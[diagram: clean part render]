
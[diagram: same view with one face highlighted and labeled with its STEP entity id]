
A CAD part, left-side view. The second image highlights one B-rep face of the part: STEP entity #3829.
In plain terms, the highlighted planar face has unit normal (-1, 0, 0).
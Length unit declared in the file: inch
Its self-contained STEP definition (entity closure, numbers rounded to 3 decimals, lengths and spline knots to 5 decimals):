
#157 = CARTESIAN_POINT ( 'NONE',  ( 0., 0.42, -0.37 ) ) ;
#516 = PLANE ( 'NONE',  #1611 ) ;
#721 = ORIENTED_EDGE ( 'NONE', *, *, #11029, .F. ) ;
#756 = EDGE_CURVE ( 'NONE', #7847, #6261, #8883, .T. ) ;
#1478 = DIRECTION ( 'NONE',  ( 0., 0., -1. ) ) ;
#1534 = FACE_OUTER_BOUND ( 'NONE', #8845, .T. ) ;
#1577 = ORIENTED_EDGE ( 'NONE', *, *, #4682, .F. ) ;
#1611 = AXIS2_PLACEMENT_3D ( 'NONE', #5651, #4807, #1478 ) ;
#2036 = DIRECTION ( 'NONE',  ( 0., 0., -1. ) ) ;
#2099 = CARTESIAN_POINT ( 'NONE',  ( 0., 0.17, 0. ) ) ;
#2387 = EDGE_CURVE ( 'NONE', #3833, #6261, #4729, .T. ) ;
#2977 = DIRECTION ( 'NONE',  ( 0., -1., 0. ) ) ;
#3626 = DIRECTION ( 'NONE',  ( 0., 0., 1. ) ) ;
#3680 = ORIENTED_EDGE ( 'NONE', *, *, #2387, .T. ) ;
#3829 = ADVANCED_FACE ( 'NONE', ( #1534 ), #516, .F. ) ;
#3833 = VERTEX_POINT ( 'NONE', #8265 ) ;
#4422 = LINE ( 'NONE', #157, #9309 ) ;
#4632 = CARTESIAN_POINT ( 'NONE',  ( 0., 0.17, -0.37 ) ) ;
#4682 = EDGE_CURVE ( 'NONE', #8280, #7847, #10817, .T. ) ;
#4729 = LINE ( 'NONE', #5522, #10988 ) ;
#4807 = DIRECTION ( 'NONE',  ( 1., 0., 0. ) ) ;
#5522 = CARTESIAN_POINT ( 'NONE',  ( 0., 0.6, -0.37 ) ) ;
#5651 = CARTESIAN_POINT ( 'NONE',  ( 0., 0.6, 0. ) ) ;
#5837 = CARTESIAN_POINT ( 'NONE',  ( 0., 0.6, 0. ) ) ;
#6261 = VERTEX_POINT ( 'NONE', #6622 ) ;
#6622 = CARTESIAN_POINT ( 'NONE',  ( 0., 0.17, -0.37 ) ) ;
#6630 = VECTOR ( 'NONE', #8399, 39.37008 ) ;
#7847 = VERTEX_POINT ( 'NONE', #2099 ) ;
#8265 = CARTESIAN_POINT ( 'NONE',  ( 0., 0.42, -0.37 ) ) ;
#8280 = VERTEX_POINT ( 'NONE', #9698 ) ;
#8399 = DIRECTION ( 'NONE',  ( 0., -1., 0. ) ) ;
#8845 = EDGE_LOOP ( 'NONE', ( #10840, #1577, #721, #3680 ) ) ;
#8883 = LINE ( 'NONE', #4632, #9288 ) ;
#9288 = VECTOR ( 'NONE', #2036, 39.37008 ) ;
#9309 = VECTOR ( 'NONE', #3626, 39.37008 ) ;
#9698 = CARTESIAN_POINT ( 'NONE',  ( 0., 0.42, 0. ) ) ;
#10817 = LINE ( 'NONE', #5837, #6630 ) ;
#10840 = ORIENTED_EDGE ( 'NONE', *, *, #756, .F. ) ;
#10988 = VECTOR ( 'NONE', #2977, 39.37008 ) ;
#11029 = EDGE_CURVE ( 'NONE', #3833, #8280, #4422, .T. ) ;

• [DIRECTIONS FOR THIS TASK] Quote the data above from the line containing "#7847 = VERTEX_POINT ( 'NONE', #2099 ) ;" to the line containing "#8399 = DIRECTION", inclusive, and stop.

• [OUTPUT OF THE EXERCISE]
#7847 = VERTEX_POINT ( 'NONE', #2099 ) ;
#8265 = CARTESIAN_POINT ( 'NONE',  ( 0., 0.42, -0.37 ) ) ;
#8280 = VERTEX_POINT ( 'NONE', #9698 ) ;
#8399 = DIRECTION ( 'NONE',  ( 0., -1., 0. ) ) ;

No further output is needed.